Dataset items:
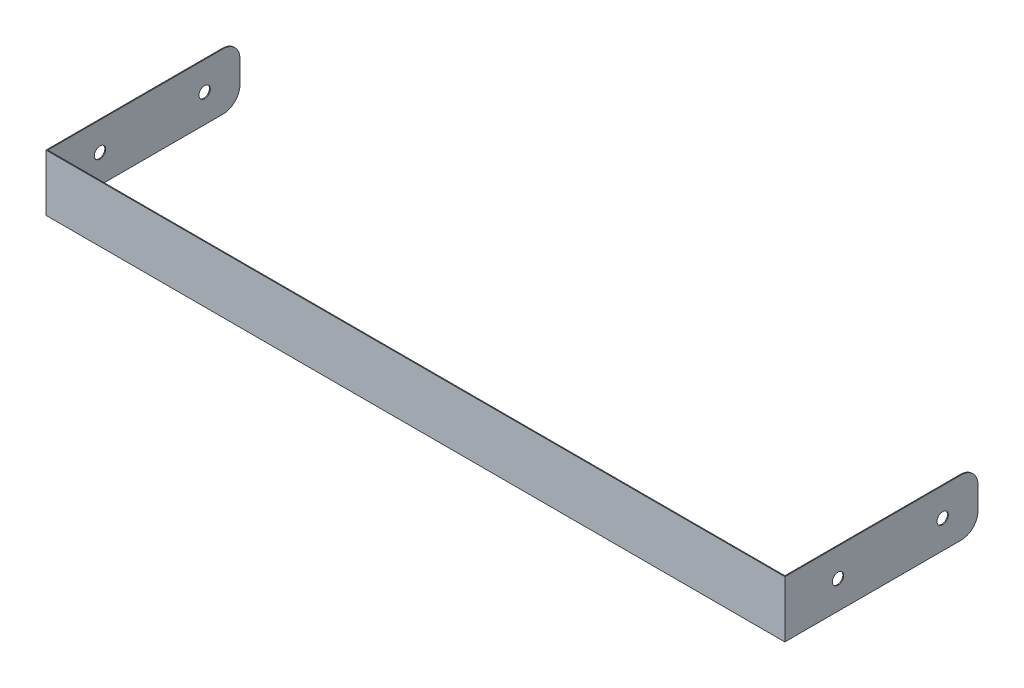
ISO-10303-21;
HEADER;
FILE_DESCRIPTION(('STEP AP214'),'2;1');
FILE_NAME('part.step','',(''),(''),'','','');
FILE_SCHEMA(('AUTOMOTIVE_DESIGN { 1 0 10303 214 1 1 1 1 }'));
ENDSEC;
DATA;
#1=APPLICATION_CONTEXT('core data for automotive mechanical design processes');
#2=APPLICATION_PROTOCOL_DEFINITION('international standard','automotive_design',2000,#1);
#3=PRODUCT_CONTEXT('',#1,'mechanical');
#4=PRODUCT('Part','Part','',(#3));
#5=PRODUCT_RELATED_PRODUCT_CATEGORY('part','',(#4));
#6=PRODUCT_DEFINITION_FORMATION('','',#4);
#7=PRODUCT_DEFINITION_CONTEXT('part definition',#1,'design');
#8=PRODUCT_DEFINITION('design','',#6,#7);
#9=PRODUCT_DEFINITION_SHAPE('','',#8);
#10=(LENGTH_UNIT() NAMED_UNIT(*) SI_UNIT(.MILLI.,.METRE.));
#11=(NAMED_UNIT(*) PLANE_ANGLE_UNIT() SI_UNIT($,.RADIAN.));
#12=(NAMED_UNIT(*) SI_UNIT($,.STERADIAN.) SOLID_ANGLE_UNIT());
#13=UNCERTAINTY_MEASURE_WITH_UNIT(LENGTH_MEASURE(1.E-05),#10,'distance_accuracy_value','');
#14=(GEOMETRIC_REPRESENTATION_CONTEXT(3) GLOBAL_UNCERTAINTY_ASSIGNED_CONTEXT((#13)) GLOBAL_UNIT_ASSIGNED_CONTEXT((#10,
#11,#12)) REPRESENTATION_CONTEXT('',''));
#15=CARTESIAN_POINT('',(0.,0.,0.));
#16=DIRECTION('',(0.,0.,1.));
#17=DIRECTION('',(1.,0.,0.));
#18=AXIS2_PLACEMENT_3D('',#15,#16,#17);
#19=CARTESIAN_POINT('',(-130.5,10.,0.));
#20=DIRECTION('',(1.,0.,0.));
#21=DIRECTION('',(0.,0.,-1.));
#22=AXIS2_PLACEMENT_3D('',#19,#20,#21);
#23=PLANE('',#22);
#24=CARTESIAN_POINT('',(-130.5,5.,6.25000000000002));
#25=DIRECTION('',(1.,0.,0.));
#26=DIRECTION('',(0.,0.,-1.));
#27=AXIS2_PLACEMENT_3D('',#24,#25,#26);
#28=CIRCLE('',#27,1.);
#29=CARTESIAN_POINT('',(-130.5,5.,5.25000000000002));
#30=VERTEX_POINT('',#29);
#31=EDGE_CURVE('E162',#30,#30,#28,.T.);
#32=ORIENTED_EDGE('',*,*,#31,.F.);
#33=EDGE_LOOP('',(#32));
#34=FACE_BOUND('',#33,.T.);
#35=CARTESIAN_POINT('',(-130.5,5.,24.75));
#36=DIRECTION('',(1.,0.,0.));
#37=DIRECTION('',(0.,0.,-1.));
#38=AXIS2_PLACEMENT_3D('',#35,#36,#37);
#39=CIRCLE('',#38,1.);
#40=CARTESIAN_POINT('',(-130.5,5.,23.75));
#41=VERTEX_POINT('',#40);
#42=EDGE_CURVE('E223',#41,#41,#39,.T.);
#43=ORIENTED_EDGE('',*,*,#42,.F.);
#44=EDGE_LOOP('',(#43));
#45=FACE_BOUND('',#44,.T.);
#46=DIRECTION('',(0.,0.,1.));
#47=VECTOR('',#46,1.);
#48=CARTESIAN_POINT('',(-130.5,0.,0.));
#49=LINE('',#48,#47);
#50=CARTESIAN_POINT('',(-130.5,0.,3.));
#51=VERTEX_POINT('',#50);
#52=CARTESIAN_POINT('',(-130.5,0.,34.));
#53=VERTEX_POINT('',#52);
#54=EDGE_CURVE('E160',#51,#53,#49,.T.);
#55=ORIENTED_EDGE('',*,*,#54,.F.);
#56=CARTESIAN_POINT('',(-130.5,3.,3.));
#57=DIRECTION('',(1.,0.,0.));
#58=DIRECTION('',(0.,0.,-1.));
#59=AXIS2_PLACEMENT_3D('',#56,#57,#58);
#60=CIRCLE('',#59,3.);
#61=CARTESIAN_POINT('',(-130.5,3.,0.));
#62=VERTEX_POINT('',#61);
#63=EDGE_CURVE('E11',#51,#62,#60,.T.);
#64=ORIENTED_EDGE('',*,*,#63,.T.);
#65=DIRECTION('',(0.,-1.,0.));
#66=VECTOR('',#65,1.);
#67=CARTESIAN_POINT('',(-130.5,10.,0.));
#68=LINE('',#67,#66);
#69=CARTESIAN_POINT('',(-130.5,7.,0.));
#70=VERTEX_POINT('',#69);
#71=EDGE_CURVE('E174',#70,#62,#68,.T.);
#72=ORIENTED_EDGE('',*,*,#71,.F.);
#73=CARTESIAN_POINT('',(-130.5,7.,3.));
#74=DIRECTION('',(1.,0.,0.));
#75=DIRECTION('',(0.,0.,-1.));
#76=AXIS2_PLACEMENT_3D('',#73,#74,#75);
#77=CIRCLE('',#76,3.);
#78=CARTESIAN_POINT('',(-130.5,10.,3.));
#79=VERTEX_POINT('',#78);
#80=EDGE_CURVE('E43',#70,#79,#77,.T.);
#81=ORIENTED_EDGE('',*,*,#80,.T.);
#82=DIRECTION('',(0.,0.,1.));
#83=VECTOR('',#82,1.);
#84=CARTESIAN_POINT('',(-130.5,10.,0.));
#85=LINE('',#84,#83);
#86=CARTESIAN_POINT('',(-130.5,10.,34.));
#87=VERTEX_POINT('',#86);
#88=EDGE_CURVE('E124',#79,#87,#85,.T.);
#89=ORIENTED_EDGE('',*,*,#88,.T.);
#90=DIRECTION('',(0.,-1.,0.));
#91=VECTOR('',#90,1.);
#92=CARTESIAN_POINT('',(-130.5,10.,34.));
#93=LINE('',#92,#91);
#94=EDGE_CURVE('E126',#87,#53,#93,.T.);
#95=ORIENTED_EDGE('',*,*,#94,.T.);
#96=EDGE_LOOP('',(#55,#64,#72,#81,#89,#95));
#97=FACE_BOUND('',#96,.T.);
#98=ADVANCED_FACE('F34',(#34,#45,#97),#23,.T.);
#99=CARTESIAN_POINT('',(-130.5,10.,0.));
#100=DIRECTION('',(1.06666736205726E-13,0.,1.));
#101=DIRECTION('',(1.,0.,-1.06666736205726E-13));
#102=AXIS2_PLACEMENT_3D('',#99,#100,#101);
#103=PLANE('',#102);
#104=ORIENTED_EDGE('',*,*,#71,.T.);
#105=DIRECTION('',(-1.,0.,1.06666736205726E-13));
#106=VECTOR('',#105,1.);
#107=CARTESIAN_POINT('',(-130.5,3.,0.));
#108=LINE('',#107,#106);
#109=CARTESIAN_POINT('',(-130.65,3.,0.));
#110=VERTEX_POINT('',#109);
#111=EDGE_CURVE('E214',#62,#110,#108,.T.);
#112=ORIENTED_EDGE('',*,*,#111,.T.);
#113=DIRECTION('',(0.,-1.,0.));
#114=VECTOR('',#113,1.);
#115=CARTESIAN_POINT('',(-130.65,10.,0.));
#116=LINE('',#115,#114);
#117=CARTESIAN_POINT('',(-130.65,7.,0.));
#118=VERTEX_POINT('',#117);
#119=EDGE_CURVE('E177',#118,#110,#116,.T.);
#120=ORIENTED_EDGE('',*,*,#119,.F.);
#121=DIRECTION('',(-1.,0.,1.06666736205726E-13));
#122=VECTOR('',#121,1.);
#123=CARTESIAN_POINT('',(-130.5,7.,0.));
#124=LINE('',#123,#122);
#125=EDGE_CURVE('E56',#118,#70,#124,.F.);
#126=ORIENTED_EDGE('',*,*,#125,.T.);
#127=EDGE_LOOP('',(#104,#112,#120,#126));
#128=FACE_BOUND('',#127,.T.);
#129=ADVANCED_FACE('F284',(#128),#103,.F.);
#130=CARTESIAN_POINT('',(-130.65,10.,34.15));
#131=DIRECTION('',(-1.,0.,0.));
#132=DIRECTION('',(0.,0.,1.));
#133=AXIS2_PLACEMENT_3D('',#130,#131,#132);
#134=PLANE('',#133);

Action item: The answer must consist only of the lines from the beginning of the entries above through the line that holds "#7=PRODUCT_DEFINITION_CONTEXT('part definition',#1,'design');", reproduced exactly and without pictures.

The completed task:
ISO-10303-21;
HEADER;
FILE_DESCRIPTION(('STEP AP214'),'2;1');
FILE_NAME('part.step','',(''),(''),'','','');
FILE_SCHEMA(('AUTOMOTIVE_DESIGN { 1 0 10303 214 1 1 1 1 }'));
ENDSEC;
DATA;
#1=APPLICATION_CONTEXT('core data for automotive mechanical design processes');
#2=APPLICATION_PROTOCOL_DEFINITION('international standard','automotive_design',2000,#1);
#3=PRODUCT_CONTEXT('',#1,'mechanical');
#4=PRODUCT('Part','Part','',(#3));
#5=PRODUCT_RELATED_PRODUCT_CATEGORY('part','',(#4));
#6=PRODUCT_DEFINITION_FORMATION('','',#4);
#7=PRODUCT_DEFINITION_CONTEXT('part definition',#1,'design');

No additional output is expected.